Have you unconsciously surrendered the fate of your manuscript/television pitch/screen play to the whimsical tastes of industry executives? Do you think your project can’t go forward without the financial blessings of others? Entertainment Aristocrats can certainly boost our careers, but I’m not sure they can break them. In all likelihood, our destiny lies in our own hands. It took several years worth of groveling at the heels of those in the publishing industry for me to comprehend this.
Many of us hold our own dreams hostage by assuming things have to play out in a specific manner. In my case, I wrongly believed the only way to turn my manuscript into an audio book was to first have it published in hard back. Under this scenario, I would have had to sell a barn full of books before anyone would ever consider producing it in audio form. This is where mental flexibility can come in handy. Would your wacky idea for a TV show actually make a good comic strip? Perhaps your short film could be converted into a play. There’s no harm in test driving a few different forms of media.
Who knows, maybe you can expand your original offering and make your project even more profitable.
Can’t find someone to buy the rights to your movie? Find the courage to make it anyway, even if you have to shoot it with an old camcorder and dress up your dog as an extra. Life is short. Don’t miss the chance to live your art. Outcomes are over-rated anyway. The biggest thrills come from fully experiencing the projects we’re passionate about. Completing something we’ve been working on for a long time can be anti climactic, so the trick is to enjoy the process. Whatever you do, try not to get attached to the outcome.
Once I understood I had control over my own dreams, I formed an LLC called Straight to Audio Productions and produced my first audio book. I recorded and edited an 8.5 hour project using nothing but a mic, a mixer and a laptop. Miraculously, I was able to get my dog and pony show listed for sale as an mp3 download on Audible.com. After that, I built an actual studio and went to work recording WHEN RADIO AND POLYGAMY COLLIDE. . . Jitters-A Quirky Little Audio Book.
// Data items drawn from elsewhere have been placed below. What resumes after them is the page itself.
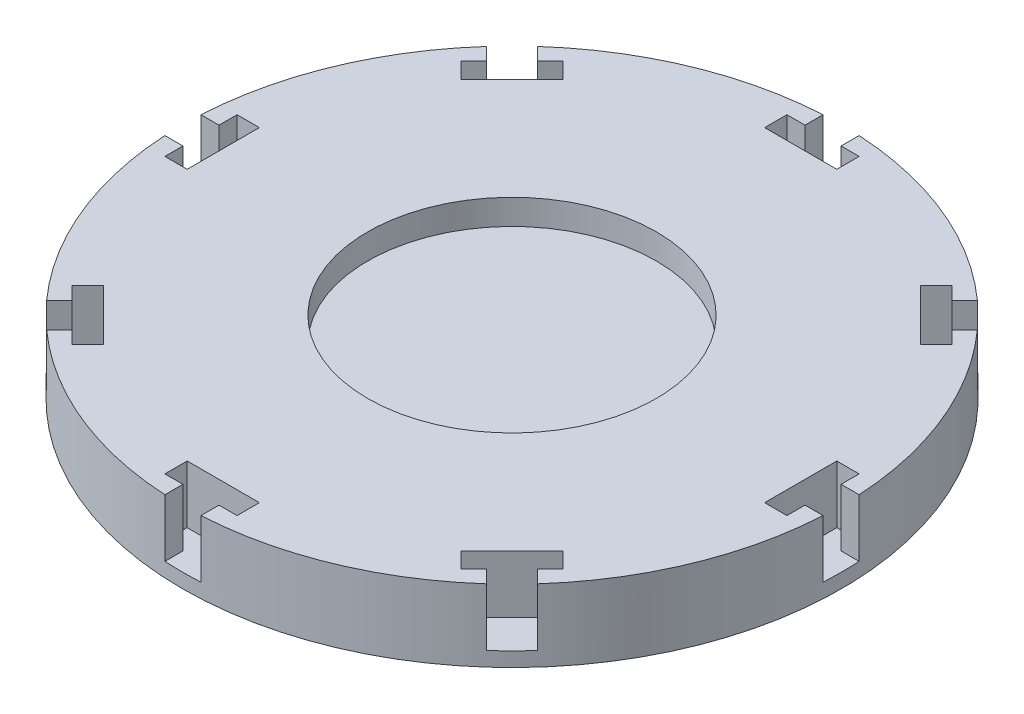
from build123d import *

# Parameters (mm, degrees)
SKETCH1_R           = 45.66
BOSS_EXTRUDE1_DEPTH = 10
SKETCH2_R           = 20
CUT_EXTRUDE1_DEPTH  = 3.5
CUT_EXTRUDE2_DEPTH  = 8
CIRPATTERN1_COUNT   = 8


with BuildPart() as part:
    # Sketch1 → Boss-Extrude1 (new body)
    with BuildSketch(Plane(origin=(0, 0, 0), x_dir=(1, 0, 0), z_dir=(0, 1, 0))):
        Circle(SKETCH1_R)
    extrude(amount=BOSS_EXTRUDE1_DEPTH)

    # Sketch2 → Cut-Extrude1 (cut)
    with BuildSketch(Plane(origin=(0, 10, 0), x_dir=(1, 0, 0), z_dir=(0, 1, 0))):
        Circle(SKETCH2_R)
    cut_extrude1 = extrude(amount=-CUT_EXTRUDE1_DEPTH, mode=Mode.SUBTRACT)

    # Mirror1: Cut-Extrude1 across plane
    add(cut_extrude1.mirror(Plane.ZX.offset(5)), mode=Mode.SUBTRACT)

    # Sketch3 → Cut-Extrude2 (cut)
    with BuildSketch(Plane(origin=(0, 10, 0), x_dir=(1, 0, 0), z_dir=(0, 1, 0))):
        Polygon((-5, -40), (5, -40), (5, -43.093913803), (2.5, -43.093913803), (2.5, -46.011189111), (-2.5, -46.011189111), (-2.5, -43.093913803), (-5, -43.093913803), align=None)
    cut_extrude2 = extrude(amount=-CUT_EXTRUDE2_DEPTH, mode=Mode.SUBTRACT)

    # CirPattern1: Cut-Extrude2 ×8 about axis
    cirpattern1_axis = Axis((0, 10, 0), (0, 1, 0))
    for i in range(1, CIRPATTERN1_COUNT):
        add(cut_extrude2.rotate(cirpattern1_axis, i * 360 / CIRPATTERN1_COUNT), mode=Mode.SUBTRACT)


solid = part.part

Thanks to technology like podcasting, e-books, and internet radio stations, it’s now possible for indie studios such as mine to get their work out in the public domain. Better still, with the huge array of freebies like YouTube and blogs, even low-rent operations can wage an effective publicity campaign.
When you run out of ideas, wing it. I’ve never met anyone who works in the audio book industry, so in my business I make everything up as I go. Sure, I’ve taken a few wrong turns, but it’s definitely been an interesting journey. This lack of an industry blueprint has left me free to dabble with different ways to tell a story. Unlike most audio books which have one person doing the voices for all the characters, Jitters-A Quirky Little Audio Book features a full cast of actors who tell their stories directly to the listener. I’ve also taken the liberty of experimenting with different forms of narration. Since the lead character in Jitters is a radio shock jock, I thought it would be cool to narrate the story through a series of newscasts. Like it or hate it, I probably couldn’t float this idea to any audio book traditionalists. It might seem risky, but there are advantages to “going rogue.” For one thing, you don’t have to follow any rules. Don’t be afraid to explore the unknown. Some of the best stuff comes from impromptu moments.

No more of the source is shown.